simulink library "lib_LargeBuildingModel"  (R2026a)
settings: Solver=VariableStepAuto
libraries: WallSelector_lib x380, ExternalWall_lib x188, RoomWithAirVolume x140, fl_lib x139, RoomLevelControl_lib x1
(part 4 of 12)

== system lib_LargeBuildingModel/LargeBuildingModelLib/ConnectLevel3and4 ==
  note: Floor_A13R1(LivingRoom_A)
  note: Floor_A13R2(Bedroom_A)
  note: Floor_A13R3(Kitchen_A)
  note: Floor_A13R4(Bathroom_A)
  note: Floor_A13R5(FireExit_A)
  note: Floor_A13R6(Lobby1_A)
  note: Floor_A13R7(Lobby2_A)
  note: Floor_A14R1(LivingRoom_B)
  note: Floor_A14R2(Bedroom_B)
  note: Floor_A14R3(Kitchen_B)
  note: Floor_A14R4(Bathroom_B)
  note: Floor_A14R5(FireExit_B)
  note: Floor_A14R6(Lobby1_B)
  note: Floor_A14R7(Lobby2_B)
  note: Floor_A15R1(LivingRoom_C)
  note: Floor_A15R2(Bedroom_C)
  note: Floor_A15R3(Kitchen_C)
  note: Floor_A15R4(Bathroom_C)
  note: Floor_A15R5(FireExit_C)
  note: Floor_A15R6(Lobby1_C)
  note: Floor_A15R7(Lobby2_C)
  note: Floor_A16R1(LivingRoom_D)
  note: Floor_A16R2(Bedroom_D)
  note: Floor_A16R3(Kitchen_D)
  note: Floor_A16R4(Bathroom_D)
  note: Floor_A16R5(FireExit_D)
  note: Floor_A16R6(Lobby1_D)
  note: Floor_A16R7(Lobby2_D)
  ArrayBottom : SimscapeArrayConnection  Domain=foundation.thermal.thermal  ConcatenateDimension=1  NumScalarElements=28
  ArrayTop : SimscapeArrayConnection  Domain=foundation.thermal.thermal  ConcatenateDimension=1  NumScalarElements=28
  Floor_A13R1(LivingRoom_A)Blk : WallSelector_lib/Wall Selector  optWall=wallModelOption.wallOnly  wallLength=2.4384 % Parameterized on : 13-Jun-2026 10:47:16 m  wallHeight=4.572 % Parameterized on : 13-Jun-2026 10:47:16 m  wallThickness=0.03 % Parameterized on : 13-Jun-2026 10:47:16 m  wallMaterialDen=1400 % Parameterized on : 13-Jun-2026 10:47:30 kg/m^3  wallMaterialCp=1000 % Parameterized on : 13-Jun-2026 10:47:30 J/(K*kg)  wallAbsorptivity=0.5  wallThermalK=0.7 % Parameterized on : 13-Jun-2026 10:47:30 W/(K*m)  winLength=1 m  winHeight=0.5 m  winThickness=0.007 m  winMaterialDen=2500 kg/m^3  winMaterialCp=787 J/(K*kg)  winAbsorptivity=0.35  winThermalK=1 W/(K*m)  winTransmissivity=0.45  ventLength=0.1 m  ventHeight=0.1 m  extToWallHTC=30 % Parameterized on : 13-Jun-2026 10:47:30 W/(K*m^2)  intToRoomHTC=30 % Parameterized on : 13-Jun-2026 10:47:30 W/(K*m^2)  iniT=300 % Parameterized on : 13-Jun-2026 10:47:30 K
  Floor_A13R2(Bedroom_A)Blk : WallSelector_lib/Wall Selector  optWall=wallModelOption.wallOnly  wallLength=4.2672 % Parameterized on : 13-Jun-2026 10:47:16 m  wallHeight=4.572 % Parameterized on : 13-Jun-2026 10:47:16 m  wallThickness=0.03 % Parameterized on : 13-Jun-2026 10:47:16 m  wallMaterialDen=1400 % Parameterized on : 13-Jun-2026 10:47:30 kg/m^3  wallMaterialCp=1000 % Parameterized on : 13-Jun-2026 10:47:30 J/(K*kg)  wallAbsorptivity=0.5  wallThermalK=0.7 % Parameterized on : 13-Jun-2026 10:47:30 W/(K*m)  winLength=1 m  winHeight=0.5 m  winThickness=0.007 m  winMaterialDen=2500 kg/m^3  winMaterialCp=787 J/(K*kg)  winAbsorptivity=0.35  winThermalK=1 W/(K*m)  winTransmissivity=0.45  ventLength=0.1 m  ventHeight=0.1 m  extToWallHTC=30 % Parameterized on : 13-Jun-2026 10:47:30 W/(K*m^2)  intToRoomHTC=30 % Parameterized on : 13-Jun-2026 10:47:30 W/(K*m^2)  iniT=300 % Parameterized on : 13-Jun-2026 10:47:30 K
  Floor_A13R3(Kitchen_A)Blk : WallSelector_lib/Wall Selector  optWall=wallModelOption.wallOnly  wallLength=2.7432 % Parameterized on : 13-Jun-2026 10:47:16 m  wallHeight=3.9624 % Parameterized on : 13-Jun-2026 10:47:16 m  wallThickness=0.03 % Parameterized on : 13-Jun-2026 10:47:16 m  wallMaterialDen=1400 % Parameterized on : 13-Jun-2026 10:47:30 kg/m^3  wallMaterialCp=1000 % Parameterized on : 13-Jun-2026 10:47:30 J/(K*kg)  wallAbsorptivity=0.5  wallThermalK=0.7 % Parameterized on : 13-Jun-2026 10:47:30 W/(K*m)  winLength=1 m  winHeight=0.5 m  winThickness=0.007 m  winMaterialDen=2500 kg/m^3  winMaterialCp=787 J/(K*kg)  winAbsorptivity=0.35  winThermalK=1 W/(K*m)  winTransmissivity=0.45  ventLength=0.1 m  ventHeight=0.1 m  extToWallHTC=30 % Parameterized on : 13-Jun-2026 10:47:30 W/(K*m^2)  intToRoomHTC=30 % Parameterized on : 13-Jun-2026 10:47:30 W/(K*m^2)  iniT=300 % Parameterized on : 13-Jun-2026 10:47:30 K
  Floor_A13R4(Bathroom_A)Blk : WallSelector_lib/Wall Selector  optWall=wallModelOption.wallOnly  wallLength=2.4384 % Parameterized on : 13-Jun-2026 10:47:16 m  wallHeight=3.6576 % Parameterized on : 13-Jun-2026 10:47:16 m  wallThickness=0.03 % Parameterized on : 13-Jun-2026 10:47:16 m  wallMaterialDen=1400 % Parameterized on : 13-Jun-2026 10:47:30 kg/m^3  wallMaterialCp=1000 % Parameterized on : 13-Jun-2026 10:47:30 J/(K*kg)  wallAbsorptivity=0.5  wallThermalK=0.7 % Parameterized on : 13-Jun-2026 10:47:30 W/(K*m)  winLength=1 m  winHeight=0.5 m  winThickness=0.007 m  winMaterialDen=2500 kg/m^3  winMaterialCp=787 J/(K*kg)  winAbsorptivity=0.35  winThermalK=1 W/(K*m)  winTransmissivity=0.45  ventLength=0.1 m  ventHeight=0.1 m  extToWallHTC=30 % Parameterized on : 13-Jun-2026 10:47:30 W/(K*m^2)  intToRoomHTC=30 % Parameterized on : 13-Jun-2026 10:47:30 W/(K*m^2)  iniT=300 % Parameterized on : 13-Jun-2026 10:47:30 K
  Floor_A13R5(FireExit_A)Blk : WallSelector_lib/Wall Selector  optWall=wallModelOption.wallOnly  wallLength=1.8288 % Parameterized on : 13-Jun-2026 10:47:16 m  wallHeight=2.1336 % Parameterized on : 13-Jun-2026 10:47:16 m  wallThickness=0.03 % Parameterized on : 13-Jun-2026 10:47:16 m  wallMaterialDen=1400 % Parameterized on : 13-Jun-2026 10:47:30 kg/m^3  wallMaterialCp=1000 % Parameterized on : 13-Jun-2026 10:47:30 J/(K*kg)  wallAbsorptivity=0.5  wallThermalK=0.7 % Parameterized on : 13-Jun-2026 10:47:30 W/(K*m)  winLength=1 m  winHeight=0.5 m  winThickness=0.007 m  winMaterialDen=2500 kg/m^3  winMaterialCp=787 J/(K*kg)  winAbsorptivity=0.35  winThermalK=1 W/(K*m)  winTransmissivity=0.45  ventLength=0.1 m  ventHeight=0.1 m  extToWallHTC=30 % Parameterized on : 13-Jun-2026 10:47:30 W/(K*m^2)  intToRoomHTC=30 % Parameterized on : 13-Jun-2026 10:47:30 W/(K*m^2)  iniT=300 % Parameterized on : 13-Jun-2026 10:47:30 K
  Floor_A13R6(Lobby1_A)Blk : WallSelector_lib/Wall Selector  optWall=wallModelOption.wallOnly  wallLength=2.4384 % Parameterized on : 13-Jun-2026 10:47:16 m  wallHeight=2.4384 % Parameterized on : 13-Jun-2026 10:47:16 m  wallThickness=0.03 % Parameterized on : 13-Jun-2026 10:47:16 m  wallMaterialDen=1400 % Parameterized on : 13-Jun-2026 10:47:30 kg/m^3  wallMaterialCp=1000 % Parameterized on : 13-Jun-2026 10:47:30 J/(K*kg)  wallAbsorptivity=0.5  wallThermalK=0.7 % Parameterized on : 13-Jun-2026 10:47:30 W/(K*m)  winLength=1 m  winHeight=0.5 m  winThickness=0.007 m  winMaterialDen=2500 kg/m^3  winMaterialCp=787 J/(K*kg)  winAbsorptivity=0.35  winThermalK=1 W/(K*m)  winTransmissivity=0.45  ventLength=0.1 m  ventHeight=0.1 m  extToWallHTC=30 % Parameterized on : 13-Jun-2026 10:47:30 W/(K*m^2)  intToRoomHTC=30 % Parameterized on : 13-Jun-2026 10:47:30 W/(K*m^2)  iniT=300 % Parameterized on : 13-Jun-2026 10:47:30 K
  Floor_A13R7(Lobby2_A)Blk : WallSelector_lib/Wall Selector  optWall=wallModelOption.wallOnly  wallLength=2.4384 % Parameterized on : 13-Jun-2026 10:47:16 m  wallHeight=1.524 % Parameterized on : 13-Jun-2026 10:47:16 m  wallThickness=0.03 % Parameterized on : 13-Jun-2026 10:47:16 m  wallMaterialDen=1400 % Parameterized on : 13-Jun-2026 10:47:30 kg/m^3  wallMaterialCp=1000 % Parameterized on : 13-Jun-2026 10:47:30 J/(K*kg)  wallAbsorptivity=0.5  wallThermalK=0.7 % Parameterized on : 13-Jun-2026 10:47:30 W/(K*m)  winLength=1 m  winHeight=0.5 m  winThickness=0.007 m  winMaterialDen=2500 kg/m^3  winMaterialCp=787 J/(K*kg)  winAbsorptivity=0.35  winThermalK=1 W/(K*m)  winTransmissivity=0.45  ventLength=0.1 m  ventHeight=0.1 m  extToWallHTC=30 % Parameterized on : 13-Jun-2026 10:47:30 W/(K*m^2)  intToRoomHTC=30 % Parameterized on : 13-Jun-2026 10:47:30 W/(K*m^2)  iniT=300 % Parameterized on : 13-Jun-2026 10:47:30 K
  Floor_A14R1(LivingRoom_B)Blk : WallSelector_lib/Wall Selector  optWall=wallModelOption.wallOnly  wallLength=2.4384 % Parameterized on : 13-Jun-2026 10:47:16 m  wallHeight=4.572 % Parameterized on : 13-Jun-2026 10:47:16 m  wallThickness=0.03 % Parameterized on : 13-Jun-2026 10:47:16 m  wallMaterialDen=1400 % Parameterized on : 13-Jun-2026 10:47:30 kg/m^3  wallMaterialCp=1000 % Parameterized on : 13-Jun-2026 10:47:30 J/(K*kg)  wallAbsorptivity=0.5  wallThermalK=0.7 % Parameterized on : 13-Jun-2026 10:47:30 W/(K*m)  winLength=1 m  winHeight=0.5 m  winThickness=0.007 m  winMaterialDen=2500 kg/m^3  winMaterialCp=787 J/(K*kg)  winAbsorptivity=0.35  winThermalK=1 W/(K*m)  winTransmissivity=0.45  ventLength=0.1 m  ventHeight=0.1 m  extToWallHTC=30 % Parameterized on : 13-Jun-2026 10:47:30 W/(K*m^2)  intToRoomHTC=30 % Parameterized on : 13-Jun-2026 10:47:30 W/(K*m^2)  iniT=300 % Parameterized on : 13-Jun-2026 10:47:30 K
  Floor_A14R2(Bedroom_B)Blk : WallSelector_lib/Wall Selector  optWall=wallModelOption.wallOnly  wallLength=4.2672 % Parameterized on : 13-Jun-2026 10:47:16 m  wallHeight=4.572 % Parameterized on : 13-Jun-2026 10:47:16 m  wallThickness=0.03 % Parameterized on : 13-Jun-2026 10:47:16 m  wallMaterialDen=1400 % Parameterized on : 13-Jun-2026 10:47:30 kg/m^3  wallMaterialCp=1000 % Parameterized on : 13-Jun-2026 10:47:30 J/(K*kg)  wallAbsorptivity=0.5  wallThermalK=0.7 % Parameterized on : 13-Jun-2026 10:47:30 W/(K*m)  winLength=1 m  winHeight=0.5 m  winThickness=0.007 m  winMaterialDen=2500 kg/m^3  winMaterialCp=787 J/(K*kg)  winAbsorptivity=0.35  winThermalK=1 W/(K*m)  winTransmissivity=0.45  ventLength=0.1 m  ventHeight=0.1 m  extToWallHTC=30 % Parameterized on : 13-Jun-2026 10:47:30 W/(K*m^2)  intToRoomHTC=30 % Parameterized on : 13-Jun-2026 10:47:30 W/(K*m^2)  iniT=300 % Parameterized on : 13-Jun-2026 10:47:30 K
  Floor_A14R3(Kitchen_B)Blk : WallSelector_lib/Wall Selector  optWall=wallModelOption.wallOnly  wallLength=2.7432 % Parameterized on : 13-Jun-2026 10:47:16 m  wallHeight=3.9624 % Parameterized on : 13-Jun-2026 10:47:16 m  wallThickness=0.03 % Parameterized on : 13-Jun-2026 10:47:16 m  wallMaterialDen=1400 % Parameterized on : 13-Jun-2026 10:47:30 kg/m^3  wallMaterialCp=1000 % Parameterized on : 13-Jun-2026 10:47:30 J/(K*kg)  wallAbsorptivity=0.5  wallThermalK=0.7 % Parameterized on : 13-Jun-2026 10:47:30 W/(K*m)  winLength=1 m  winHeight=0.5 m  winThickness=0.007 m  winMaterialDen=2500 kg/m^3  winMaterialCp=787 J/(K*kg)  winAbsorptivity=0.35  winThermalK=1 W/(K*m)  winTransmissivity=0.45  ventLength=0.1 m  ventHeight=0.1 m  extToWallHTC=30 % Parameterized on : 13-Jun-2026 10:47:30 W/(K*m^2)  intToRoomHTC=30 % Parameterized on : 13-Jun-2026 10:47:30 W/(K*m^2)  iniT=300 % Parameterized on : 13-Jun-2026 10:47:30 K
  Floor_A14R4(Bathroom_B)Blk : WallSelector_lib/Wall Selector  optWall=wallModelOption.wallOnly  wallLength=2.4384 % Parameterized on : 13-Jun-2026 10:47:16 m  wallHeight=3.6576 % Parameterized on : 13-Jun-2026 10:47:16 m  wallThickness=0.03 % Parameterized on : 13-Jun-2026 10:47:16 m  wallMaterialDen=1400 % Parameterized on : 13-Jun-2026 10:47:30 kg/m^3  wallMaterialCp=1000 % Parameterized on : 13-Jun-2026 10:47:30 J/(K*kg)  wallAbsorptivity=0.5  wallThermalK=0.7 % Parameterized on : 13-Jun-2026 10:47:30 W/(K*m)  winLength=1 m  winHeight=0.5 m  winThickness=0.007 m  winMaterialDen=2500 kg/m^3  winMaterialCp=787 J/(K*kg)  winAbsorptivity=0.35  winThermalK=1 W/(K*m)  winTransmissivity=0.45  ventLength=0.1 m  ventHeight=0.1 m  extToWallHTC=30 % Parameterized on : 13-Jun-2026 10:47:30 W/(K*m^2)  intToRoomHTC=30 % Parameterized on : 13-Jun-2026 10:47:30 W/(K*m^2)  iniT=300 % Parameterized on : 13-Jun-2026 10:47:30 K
--------------------
**Work to be completed:** Out of the listing above, reproduce exactly the lines from the one with "note: Floor_A14R2(Bedroom_B)" up to and including the one with "note: Floor_A15R2(Bedroom_C)".

**Exercise output:**
  note: Floor_A14R2(Bedroom_B)
  note: Floor_A14R3(Kitchen_B)
  note: Floor_A14R4(Bathroom_B)
  note: Floor_A14R5(FireExit_B)
  note: Floor_A14R6(Lobby1_B)
  note: Floor_A14R7(Lobby2_B)
  note: Floor_A15R1(LivingRoom_C)
  note: Floor_A15R2(Bedroom_C)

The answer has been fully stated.